Em consenso o dia da reivindicação seria 31 de dezembro, e desta vez bateria meia noite no mesmo instante em todo o planetinha. Nada de exclusividade, a chamada à ordem seria geral, quem se insurgisse teria sua foto peladão, a verdadeira, colocada internacionalmente (o internacional foi pequeno deslize, acontece...) na Internet.
Bandeiras foram criadas em preto e branco com um gavião explodindo energia no meio. Artistas plásticos doaram suas criações. Foram tantas que se resolveu fazer várias bandeiras e com isso muitas alas foram criadas: dos machões, dos disfarçados de empresários, dos garis, dos cheios da grana. Muitas especializações. Os mafiosos relutaram em ter uma ala, afinal mostrar a cara não era seu estilo.
Um marqueteiro disse que sem slogan não funcionaria. Problemasso! Até prêmios Nobel entraram no páreo nessa hora. Mais difícil que escolher os “fardões” da Academia Brasileira de Letras. Lapso, esta escolha é fácil, basta ter um QI esquentado por indicações da pesada, gostar de se fantasiar de palhaço e ser chegado em marimbondos de fogo.
Por unanimidade resolveram que deveria ser muito simples. Não eram machos? Macho bastava. Não houve consenso, muito fraca. Lá dos perdidos ventosos da Patagônia, escondida atrás de outras, veio a voz: Dava para ser Macho, macho, man? Acharam “A sacada”. A música homônima passou batido, nem se lembraram dos machos que a rebolavam. Deixa quieto!
A vestimenta seria ao gosto do participante, escolher daria muito pano para manga e em alguns pontos do planeta, faltaria pano, todo mundo sabe, inverno aqui, verão lá. Única exigência é que os escoceses abrissem mão do kilt e os mulçumanos dos vestidões, todo mundo de calça comprida, de macho. Lembraram da roupa que serve a rico e a pobre, de direita, de esquerda e do centro: o jeans. Aplauso geral. Todo mundo de jeans e camisa branca. Branco não, gritou Ling Ching Ling, é cor de luto. Ai, cada passo um impasse, ou cada impasse um passo? Só se fosse para trás. Essa torre de babel é de desgovernar os miolos. Cada um com a camisa que quiser, desde que não tenha desenhos, mangas bufantes ou foto de homem no peito, a sua própria pode.
Afinal, depois de muito é, mas não é, chegou o dia.
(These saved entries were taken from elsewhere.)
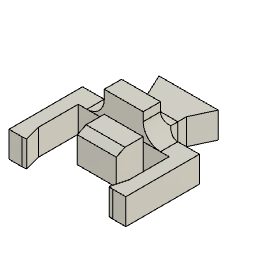
Frame-clip v24 (Autodesk Fusion 360 design; units mm, degrees)
Autodesk Fusion 360 part; units mm, degrees
sketch "Sketch1" plane through (0, 0, 0) normal (0, 0, 1) x (1, 0, 0)
  line L0 (0, 0) -> (0, 8.5)
  line L1 (13.5, 8.5) -> (13.5, 0)
  line L2 (0, 0) -> (1.5, 0)
  line L3 (1.5, 0) -> (1.5, 6.5)
  line L4 (12, 6.5) -> (12, 0)
  line L5 (12, 0) -> (13.5, 0)
  line L6 (1.5, 6.5) -> (4.5, 6.5)
  line L7 (4.5, 6.5) -> (4.5, 3.4)
  line L8 (4.5, 3.4) -> (9, 3.4)
  line L9 (9, 3.4) -> (9, 6.5)
  line L10 (9, 6.5) -> (12, 6.5)
  line L11 (4.5, 3.4) -> (9, 3.4)
  line L12 (0, 8.5) -> (4.5, 8.5)
  line L13 (4.5, 8.5) -> (4.5, 11.5)
  line L14 (4.5, 11.5) -> (3.3342, 14)
  line L15 (3.3342, 14) -> (10.1658, 14)
  line L16 (10.1658, 14) -> (9, 11.5)
  line L17 (9, 11.5) -> (9, 8.5058)
  line L18 (9, 8.5058) -> (13.5, 8.5)
  dimension "d4" = 13.5
  dimension "d5" = 1.5
  dimension "d6" = 1.5
  dimension "d8" = 3
  dimension "d9" = 3
  dimension "d11" = 3.1
  dimension "d23" = 6.5
  dimension "d31" = 3
  dimension "d32" = 155
  dimension "d34" = 155
  dimension "d36" = 2.5
  dimension "d37" = 2.5
  dimension "d49" = 2
  constraint coincident L0.start L2.start
  constraint vertical L0
  constraint horizontal L0.end L1.start
  constraint horizontal L0.start L1.end
  constraint perpendicular L0 L2
  constraint perpendicular L2 L3
  constraint perpendicular L1 L5
  constraint perpendicular L3 L6
  constraint perpendicular L6 L7
  constraint perpendicular L3 L8
  constraint perpendicular L8 L9
  constraint perpendicular L4 L10
  constraint collinear L6 L10
  constraint horizontal L11
  constraint perpendicular L7 L12
  constraint perpendicular L6 L13
  constraint horizontal L15
  constraint parallel L13 L17
  constraint collinear L7 L13
  constraint collinear L9 L17
  constraint vertical L1
  measures "d4" distance of L0.end L1.start
  measures "d5" distance of L0.start L2.end
  measures "d6" distance of L1.end L4.end
  measures "d8" distance of L3.end L6.end
  measures "d9" distance of L4.start L9.end
  measures "d11" distance of L6 L8
  measures "d23" distance of L2.end L3.end
  measures "d31" distance of L12.end L13.end
  measures "d32" angle of L13 L14
  measures "d34" angle of L16 L17
  measures "d36" distance of L13.end L15
  measures "d37" distance of L15 L16.end
  measures "d49" distance of L6 L12
extrude "Extrude2" add sketch "Sketch1" along normal blind 3
sketch "Sketch6" plane through (1.5, 0, 0) normal (1, 0, 0) x (0, 1, 0)
  line L0 (0, 0) -> (6.5, 0)
  line L1 (6.5, 0) -> (6.5, 3)
  line L2 (6.5, 3) -> (0, 3)
  line L3 (0, 3) -> (0, 0)
  line L4 (0, 0) -> (1.9, 0)
  line L5 (1.9, 0) -> (1.9, 3)
  line L6 (1.9, 3) -> (0, 3)
  line L7 (0, 3) -> (0, 0)
  dimension "d39" = 1.9
  constraint horizontal L4
  constraint vertical L5
  constraint horizontal L6
  constraint vertical L7
  constraint coincident L0.start L3.end
  measures "d39" distance of L0.start L4.end
revolve "Revolve3" add sketch "Sketch6" angle 15 about axis through (1.5, 1.9, 0) along (0, 0, 1) contours L0 L2 L3 L4 L5 L6 L7
sketch "Sketch7" plane through (12, 0, 0) normal (-1, 0, 0) x (0, -1, 0)
  line L0 (-6.5, 0) -> (0, 0)
  line L1 (0, 0) -> (0, 3)
  line L2 (0, 3) -> (-6.5, 3)
  line L3 (-6.5, 3) -> (-6.5, 0)
  line L4 (0, 3) -> (-1.9, 3)
  line L5 (-1.9, 3) -> (-1.9, 0)
  line L6 (-1.9, 0) -> (0, 0)
  line L7 (0, 0) -> (0, 3)
  dimension "d41" = 1.9
  constraint horizontal L4
  constraint vertical L5
  constraint horizontal L6
  constraint vertical L7
  constraint coincident L1.end L2.start
  measures "d41" distance of L1.end L4.end
revolve "Revolve4" add sketch "Sketch7" angle 15 about axis through (12, 1.9, 3) along (0, 0, -1) contours L0 L1 L2 L4 L5 L6 L7
sketch "Sketch8" plane through (0, 0, 3) normal (0, 0, 1) x (-1, 0, 0)
  line L0 (0, 0) -> (-1.5, 0)
  arc A0 (-1.5, 0) -> (-1.9918, -0.0647) centre (-1.5, -1.9) ccw
  line L1 (-1.9918, -0.0647) -> (-1.5, -1.9)
  line L2 (-1.5, -1.9) -> (-1.5, -6.5)
  line L3 (-1.5, -6.5) -> (-4.5, -6.5)
  line L4 (-4.5, -6.5) -> (-4.5, -3.4)
  line L5 (-4.5, -3.4) -> (-9, -3.4)
  line L6 (-9, -3.4) -> (-9, -6.5)
  line L7 (-9, -6.5) -> (-12, -6.5)
  line L8 (-12, -6.5) -> (-12, -1.9)
  line L9 (-12, -1.9) -> (-11.5082, -0.0647)
  arc A1 (-11.5082, -0.0647) -> (-12, 0) centre (-12, -1.9) ccw
  line L10 (-12, 0) -> (-13.5, 0)
  line L11 (-13.5, 0) -> (-13.5, -8.5)
  line L12 (-13.5, -8.5) -> (-9, -8.5058)
  line L13 (-9, -8.5058) -> (-9, -11.5)
  line L14 (-9, -11.5) -> (-10.1658, -14)
  line L15 (-10.1658, -14) -> (-3.3342, -14)
  line L16 (-3.3342, -14) -> (-4.5, -11.5)
  line L17 (-4.5, -11.5) -> (-4.5, -8.5)
  line L18 (-4.5, -8.5) -> (0, -8.5)
  line L19 (0, -8.5) -> (0, 0)
  line L20 (-4.5, -3.4) -> (-9, -3.4)
  line L21 (-9, -3.4) -> (-9, -8.5058)
  line L22 (-9, -8.5058) -> (-4.5, -8.5058)
  line L23 (-4.5, -8.5058) -> (-4.5, -3.4)
  constraint horizontal L20
  constraint vertical L21
  constraint horizontal L22
  constraint vertical L23
  constraint coincident L12.end L13.start
  constraint coincident L4.end L5.start
extrude "Extrude5" add sketch "Sketch8" along normal blind 0.5 contours L4 L5 L6 L17 L20 L21 L22 L23
fillet "Fillet2" radius 2 2 edges at (4.5, 8.5, 1.5) (9, 8.5058, 1.5)
chamfer "Chamfer2" distance 1 distance2 0.5 1 edges at (6.75, 3.4, 3.5) measured on face at (7.5, 6.8039, 3.5)
sketch "Sketch10" plane through (0, 0, 3.5) normal (0, 0, 1) x (-1, 0, 0)
  line L0 (-4.5, -4.4) -> (-9, -4.4)
  line L1 (-9, -4.4) -> (-9, -8.5058)
  line L2 (-9, -8.5058) -> (-4.5, -8.5058)
  line L3 (-4.5, -8.5058) -> (-4.5, -4.4)
  line L4 (-4.5, -8.5058) -> (-9, -8.5058)
  line L5 (-9, -8.5058) -> (-9, -6.5058)
  line L6 (-9, -6.5058) -> (-4.5, -6.5058)
  line L7 (-4.5, -6.5058) -> (-4.5, -8.5058)
  dimension "d52" = 2
  constraint horizontal L4
  constraint vertical L5
  constraint horizontal L6
  constraint vertical L7
  constraint coincident L2.end L3.start
  measures "d52" distance of L2.end L6.end
extrude "Extrude7" add sketch "Sketch10" along normal blind 2.5 contours L1 L2 L3 L4 L5 L6 L7
fillet "Fillet3" radius 2 3 edges at (4.5, 7.5029, 3) (6.75, 8.5058, 3) (9, 7.5029, 3)
equation "d4 = 10.4 mm + d5 + d6 + 0.1 mm"
equation "d6 = d5"
equation "d9 = d8"
equation "d11 = 4.6 mm - 1.5 mm"
equation "d32 = 155 °"
equation "d34 = d32"
equation "d37 = d36"

Já se tinham passado 2 anos, as paqueras estavam frias, as infidelidades discretíssimas e as mulheres desesperadas. As esposas cansadas de tanto dar e as amantes cansadas de não ter para quem dar. A ordem yang-ying do avesso. Haja filosofia para explicar este entre aspas depois! Tremendo trabalho para machos pensantes.
As badaladas do relógio foram contadas no ritmo certo e a mulherada sem entender coisa nenhuma, o peru nem tinha ido para o forno, as calcinhas brancas estavam secando no varal e a homarada toda na rua soltando foguete? O que é isso?
Rio de Janeiro, Tremembé das Almas, Calgary, Cartagena, Glasgow e todas as cidades, conhecidas, desconhecidas, as que se ouve falar muito, as nem tanto, as que nunca se viu no mapa. Em todas, lá estavam os homens com estandartes, palavras de ordem, gritaria, coisa de macho, desfilando pelas ruas, estradas, vielas, campos, planícies geladas, altas montanhas, precipícios e qualquer buraco que exista.
Foi um Deus nos acuda, o levante desta vez foi sensacional, não houve uma só desistência, teve pai que levou bebê de colo, claro que macho. Todo tipo de veículo de carrão até riquichá. Um fato que se tornaria épico.
No calor da hora, fosse inverno ou verão de torrar, os fantásticos se pelaram e aí, sabe-se lá como, já que nenhum macho, masculino homem estava diante do computador, a notícia se espalhou e foi roupa voando para todo lado.
Os machos, mas nem tanto, que não tinham participado da estruturação do evento ficaram doidinhos, quiseram passar a mão, dar uma pegadinha. Foi reação total, nada disso, só podia olhar. Alguns até ficaram entristecidos, sabe como é... Na hora de um aperto...
O sucesso se mostrava estrondoso e os machões já visualizavam a tonelada de emails que receberiam, mulher para escolher, até a Débora Secco chamaria a surfistinha de rol pequeno. Os que se entusiasmavam muito batiam continência, mostravam serviço. Ninguém se incomodou, afinal macho é para isso mesmo. Ficaram orgulhosos dos de sangue quente.
No meio da euforia generalizada, uma mulher pequena, meio e meio, meio quilo, com cara de todo dia, saiu da assistência com rolo da massa na mão. As outras, de olhos puxados, cabeleira carapinha ou loira escorrida, viram aquilo e...
Não saiu notícia no jornal, os tvs ficaram caladinhas, nem pé de página teve.
As mulheres não fizeram levante, não mostraram a bunda, nem reviraram os olhos. Pra que se tinham a única coisa que dobra homem?
Por décadas a Internet teve a mais fiel comunicação inimaginável.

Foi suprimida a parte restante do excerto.